Alla viglia del natale, Disney ha rilasciato la serie tv spin-off di Inside Out, dal titolo Dream Productions. Un progetto in quattro episodi che ci porta all’interno degli studi di produzione dei sogni di Riley. Si tratta di una sorta di interquel, visto che Dream Productions è collocato tra i due film Pixar. In scena, infatti, pure se per poco tempo, vediamo solo le cinque emozioni del primo capitolo. Nessuna traccia, invece, di Ansia e delle nuove arrivate del meraviglioso sequel uscito quest’anno (di cui qui potete recuperare la recensione).
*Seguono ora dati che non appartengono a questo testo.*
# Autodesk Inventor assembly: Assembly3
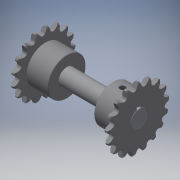
[picture p0: Inventor's stored thumbnail of the model, 180x180]
Saved by Autodesk Inventor 2019 (Build 230136000, 136)
## iProperties
Created: 2021-08-30
Part Number: Assembly3
Material: 一般
Document SubType Name: Assembly
Designer: yuta
Author: yuta
## Documents named in this file (3)
- C:\Users\yuta\Documents\キャチロボ\Assembly3.iam
- C:\Users\yuta\Documents\AIS2019\SUSFBN25B17D10_().ipt
- C:\Users\yuta\Documents\キャチロボ\Part16.ipt
## Components (3 placed, 2 different names)
1. SUSFBN25B17D10_():1 — メイト:1, メイト:2
2. SUSFBN25B17D10_():2 — メイト:3, メイト:4
3. Part16:1 — メイト:1, メイト:2, メイト:3, メイト:4
## Relationships (4: Mate 4)
- メイト:1 [Mate]: SUSFBN25B17D10_():1 ↔ Part16:1
- メイト:2 [Mate]: SUSFBN25B17D10_():1 ↔ Part16:1
- メイト:3 [Mate]: SUSFBN25B17D10_():2 ↔ Part16:1
- メイト:4 [Mate]: SUSFBN25B17D10_():2 ↔ Part16:1
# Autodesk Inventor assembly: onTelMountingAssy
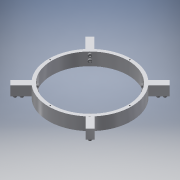
[picture p0: Inventor's stored thumbnail of the model, 180x180]
Saved by Autodesk Inventor 2016 SP1 (Build 200210100, 210)
## iProperties
Created: 2015-12-10
Part Number: onTelMountingAssy
Document SubType Name: Assembly
Designer: Dave
Author: Dave
## Documents named in this file (4)
- C:\Users\ddeboer\Desktop\leuschner-cad\onTelMountingAssy.iam
- C:\Users\ddeboer\Desktop\leuschner-cad\ontelMounting.ipt
- C:\Users\ddeboer\Desktop\leuschner-cad\mountingStub.ipt
- C:\Users\ddeboer\Desktop\leuschner-cad\qtr20_75.ipt
## Components (21 placed, 3 different names)
1. ontelMounting:1 — Flush:1
2. qtr20_75:1 — Insert:1
3. qtr20_75:2 — Insert:2
4. mountingStub:1 — Flush:1, Insert:1, Insert:2, Insert:3, Insert:4
5. qtr20_75:4 — Insert:3
6. qtr20_75:3 — Insert:4
7. qtr20_75:5
8. qtr20_75:6
9. mountingStub:2
10. qtr20_75:7
11. qtr20_75:8
12. qtr20_75:9
13. qtr20_75:10
14. mountingStub:3
15. qtr20_75:11
16. qtr20_75:12
17. qtr20_75:13
18. qtr20_75:14
19. mountingStub:4
20. qtr20_75:15
21. qtr20_75:16
## Component patterns: (4 elements, first: qtr20_75:1 + qtr20_75:2 + mountingStub:1 + qtr20_75:4 + qtr20_75:3)
## Relationships (5: Insert 4, Flush 1)
- Flush:1: ontelMounting:1 ↔ mountingStub:1
- Insert:1 (16.51 mm): qtr20_75:1 ↔ mountingStub:1
- Insert:2 (16.51 mm): qtr20_75:2 ↔ mountingStub:1
- Insert:3 (3.175 mm): mountingStub:1 ↔ qtr20_75:4
- Insert:4 (3.175 mm): mountingStub:1 ↔ qtr20_75:3
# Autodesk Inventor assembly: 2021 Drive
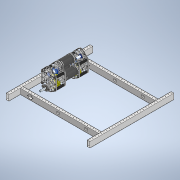
[picture p0: Inventor's stored thumbnail of the model, 180x180]
Saved by Autodesk Inventor 2021 (Build 250183000, 183)
## iProperties
Created: 2021-01-26
Part Number: 2021 Drive
Document SubType Name: Assembly
Designer: aidan
Author: aidan
## Documents named in this file (4)
- C:\Users\aidan\Desktop\T3 Robotics\CAD\2021 Specific Parts\2021 Drive.iam
- C:\Users\aidan\Desktop\T3 Robotics\CAD\Drive Train CAD\VerseFrame 30in.ipt
- C:\Users\aidan\Desktop\T3 Robotics\CAD\2021 Specific Parts\VerseFrame 2021 28in Drive.ipt
- C:\Users\aidan\Desktop\T3 Robotics\CAD\Drive Train CAD\WCP DS Gearbox.iam
## Components (6 placed, 3 different names)
1. VerseFrame 30in:1 — Flush:2, Flush:5, Mate:1
2. VerseFrame 30in:2 — Flush:3, Flush:5, Mate:2
3. VerseFrame 2021 28in Drive:1 — Flush:1, Flush:2, Flush:4, Mate:1, Mate:2, Mate:4
4. VerseFrame 2021 28in Drive:2 — Flush:1, Flush:3, Flush:4, Mate:3
5. WCP DS Gearbox:1 [sub-assembly] — Mate:4
6. WCP DS Gearbox:2 [sub-assembly] — Mate:3
## Relationships (9: Flush 5, Mate 4)
- Flush:1: VerseFrame 2021 28in Drive:1 ↔ VerseFrame 2021 28in Drive:2
- Flush:2: VerseFrame 30in:1 ↔ VerseFrame 2021 28in Drive:1
- Flush:3: VerseFrame 30in:2 ↔ VerseFrame 2021 28in Drive:2
- Flush:4: VerseFrame 2021 28in Drive:1 ↔ VerseFrame 2021 28in Drive:2
- Flush:5: VerseFrame 30in:1 ↔ VerseFrame 30in:2
- Mate:1: VerseFrame 30in:1 ↔ VerseFrame 2021 28in Drive:1
- Mate:2: VerseFrame 30in:2 ↔ VerseFrame 2021 28in Drive:1
- Mate:3: VerseFrame 2021 28in Drive:2 ↔ WCP DS Gearbox:2
- Mate:4: VerseFrame 2021 28in Drive:1 ↔ WCP DS Gearbox:1
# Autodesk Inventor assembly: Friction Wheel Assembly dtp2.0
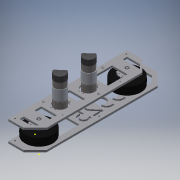
[picture p0: Inventor's stored thumbnail of the model, 180x180]
Saved by Autodesk Inventor 2017 (Build 210142000, 142)
## iProperties
Created: 2017-08-09
Part Number: Friction Wheel Assembly dtp2.0
Document SubType Name: Assembly
Designer: User
Author: User
## Documents named in this file (5)
- C:\Robotics\CAD\2016-17_CAD\Friction Wheel Assembly dtp2.0.iam
- C:\Robotics\CAD\2016-17_CAD\DriveTrain\DrainTrainPlate2.0LeftOutside.iam
- C:\Robotics\CAD\2016-17_CAD\DriveTrain\DriveTrainPlate2.0LeftInside.ipt
- C:\Robotics\CAD\2016-17_CAD\DriveTrain\wheel sub assembly traction wheels.iam
- C:\Robotics\CAD\2016-17_CAD\DriveTrain\motor sub assembley.iam
## Components (6 placed, 4 different names)
1. DrainTrainPlate2.0LeftOutside:1 [sub-assembly] — Mate:3, Mate:4, Mate:7
2. DriveTrainPlate2.0LeftInside:1 — Mate:1, Mate:2, Mate:5, Mate:6, Mate:8, Mate:9
3. wheel sub assembly traction wheels:1 [sub-assembly] — Mate:5, Mate:6, Mate:7, Flush:1
4. wheel sub assembly traction wheels:2 [sub-assembly] — Mate:1, Mate:2, Mate:3, Mate:4, Flush:2
5. motor sub assembley:3 [sub-assembly] — Mate:8, Flush:1
6. motor sub assembley:4 [sub-assembly] — Mate:9, Flush:2
## Relationships (11: Mate 9, Flush 2)
- Mate:1 (6.35 mm): DriveTrainPlate2.0LeftInside:1 ↔ wheel sub assembly traction wheels:2
- Mate:2: DriveTrainPlate2.0LeftInside:1 ↔ wheel sub assembly traction wheels:2
- Mate:3: DrainTrainPlate2.0LeftOutside:1 ↔ wheel sub assembly traction wheels:2
- Mate:4 (3.175 mm): DrainTrainPlate2.0LeftOutside:1 ↔ wheel sub assembly traction wheels:2
- Mate:5 (6.35 mm): DriveTrainPlate2.0LeftInside:1 ↔ wheel sub assembly traction wheels:1
- Mate:6: DriveTrainPlate2.0LeftInside:1 ↔ wheel sub assembly traction wheels:1
- Mate:7: DrainTrainPlate2.0LeftOutside:1 ↔ wheel sub assembly traction wheels:1
- Mate:8: DriveTrainPlate2.0LeftInside:1 ↔ motor sub assembley:3
- Flush:1: wheel sub assembly traction wheels:1 ↔ motor sub assembley:3
- Mate:9: DriveTrainPlate2.0LeftInside:1 ↔ motor sub assembley:4
- Flush:2: wheel sub assembly traction wheels:2 ↔ motor sub assembley:4
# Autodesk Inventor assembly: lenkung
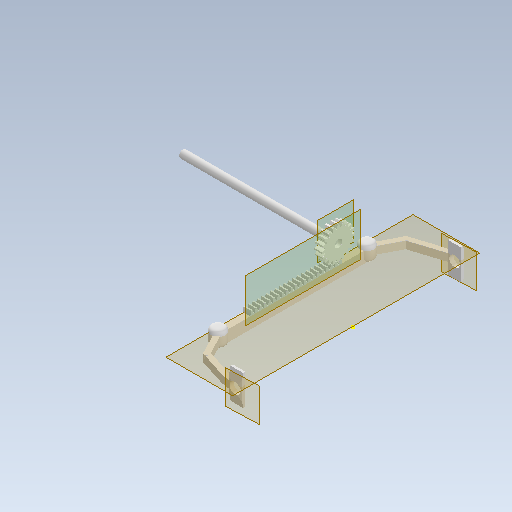
[picture p0: Inventor's stored thumbnail of the model, 512x512]
Saved by Autodesk Inventor 2021 (Build 250183000, 183)
## iProperties
Created: 2021-01-15
Part Number: lenkung
Document SubType Name: Assembly
Designer: LETPJG
Author: LETPJG
## Documents named in this file (5)
- C:\Users\LETPJG\Documents\Inventor\zahnstange\lenkung.iam
- C:\Users\LETPJG\Documents\Inventor\zahnstange\Bauteil15.ipt
- C:\Users\LETPJG\Documents\Inventor\zahnstange\Bauteil16.ipt
- C:\Users\LETPJG\Documents\Inventor\zahnstange\Zahnstange.iam
- C:\Users\LETPJG\Documents\Inventor\zahnstange\Bauteil1.ipt
## Components (4 placed, 4 different names)
1. Bauteil15:1 — Passend:2, Passend:3, Fluchtend:1, Passend:4
2. Zahnstange:1 [sub-assembly] — Passend:2, Passend:3, Fluchtend:1, Fluchtend:2, Passend:5
3. Bauteil16:1 — Passend:4
4. Bauteil1:1 — Passend:5
## Relationships (6: Mate 4, Flush 2)
- Passend:2 [Mate]: Bauteil15:1 ↔ Zahnstange:1
- Passend:3 [Mate]: Bauteil15:1 ↔ Zahnstange:1
- Fluchtend:1 [Flush]: Bauteil15:1 ↔ Zahnstange:1
- Passend:4 [Mate]: Bauteil15:1 ↔ Bauteil16:1
- Fluchtend:2 [Flush]: Zahnstange:1
- Passend:5 [Mate]: Zahnstange:1 ↔ Bauteil1:1
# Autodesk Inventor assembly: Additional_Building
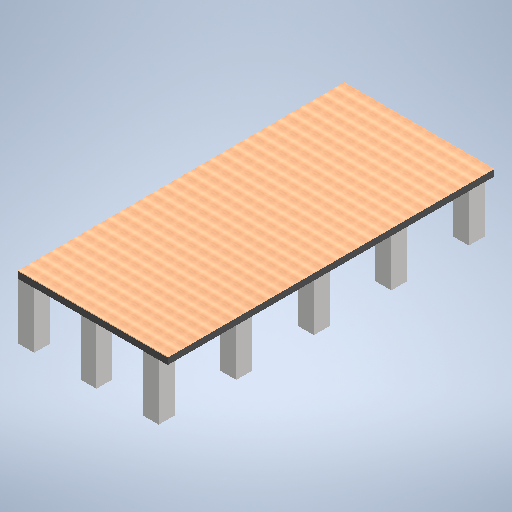
[picture p0: Inventor's stored thumbnail of the model, 512x512]
Saved by Autodesk Inventor 2025 (Build 290162010, 162A)
## iProperties
Created: 2024-08-02
Part Number: Additional_Building
Document SubType Name: Assembly
Designer: Tom
Author: Tom
## Documents named in this file (3)
- C:\Users\Tom\Documents\Inventor\Mobility\Additional_Building\Additional_Building.iam
- C:\Users\Tom\Documents\Inventor\Mobility\Additional_Building\Grid_Of_Piers.iam
- C:\Users\Tom\Documents\Inventor\Mobility\Additional_Building\Floor_System.iam
## Components (2 placed, 2 different names)
1. Grid_Of_Piers:1 [sub-assembly] — Mate:12, Mate:13, Flush:7
2. Floor_System:1 [sub-assembly] — Mate:12, Mate:13, Flush:7
## Relationships (3: Mate 2, Flush 1)
- Mate:12: Grid_Of_Piers:1 ↔ Floor_System:1
- Mate:13: Grid_Of_Piers:1 ↔ Floor_System:1
- Flush:7: Grid_Of_Piers:1 ↔ Floor_System:1
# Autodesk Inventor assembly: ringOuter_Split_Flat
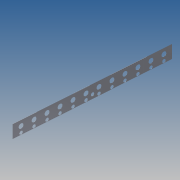
[picture p0: Inventor's stored thumbnail of the model, 180x180]
Saved by Autodesk Inventor 2014 SP1 (Build 180222100, 222)
## iProperties
Created: 2015-01-30
Part Number: ringOuter_Split_Flat
Document SubType Name: Assembly
Designer: Dave
Author: Dave
## Documents named in this file (3)
- C:\Users\Dave\Desktop\hera-cad\hub\ringOuter_Split_Flat.iam
- C:\Users\Dave\Desktop\hera-cad\hub\ringOuter_Split_Flat.ipt
- C:\Users\Dave\Desktop\hera-cad\hub\ringOuter_Split_Flat_MIR.ipt
## Components (2 placed, 2 different names)
1. ringOuter_Split_Flat:1 — Insert:1
2. ringOuter_Split_Flat_MIR:1 — Insert:1
## Relationships (1: Insert 1)
- Insert:1: ringOuter_Split_Flat:1 ↔ ringOuter_Split_Flat_MIR:1

Tempo fa avevamo chiesto a gran voce che la Disney, impantanata in un periodo complicato, puntasse a realizzare serie animate dei propri classici. Ha scelto di puntare sulla Pixar, al momento punta di diamante della casa di produzione, ma insomma poco cambia. Eravamo curiosissimi di questo progetto, dalle potenzialità estremamente alte, ma non possiamo mascherare una certa delusione per il risultato finale. Dream Productions non è male, anzi. Possiede, però, un grandissimo, gigantesco difetto: non sfiora nemmeno lontanamente il livello raggiunto da Inside Out.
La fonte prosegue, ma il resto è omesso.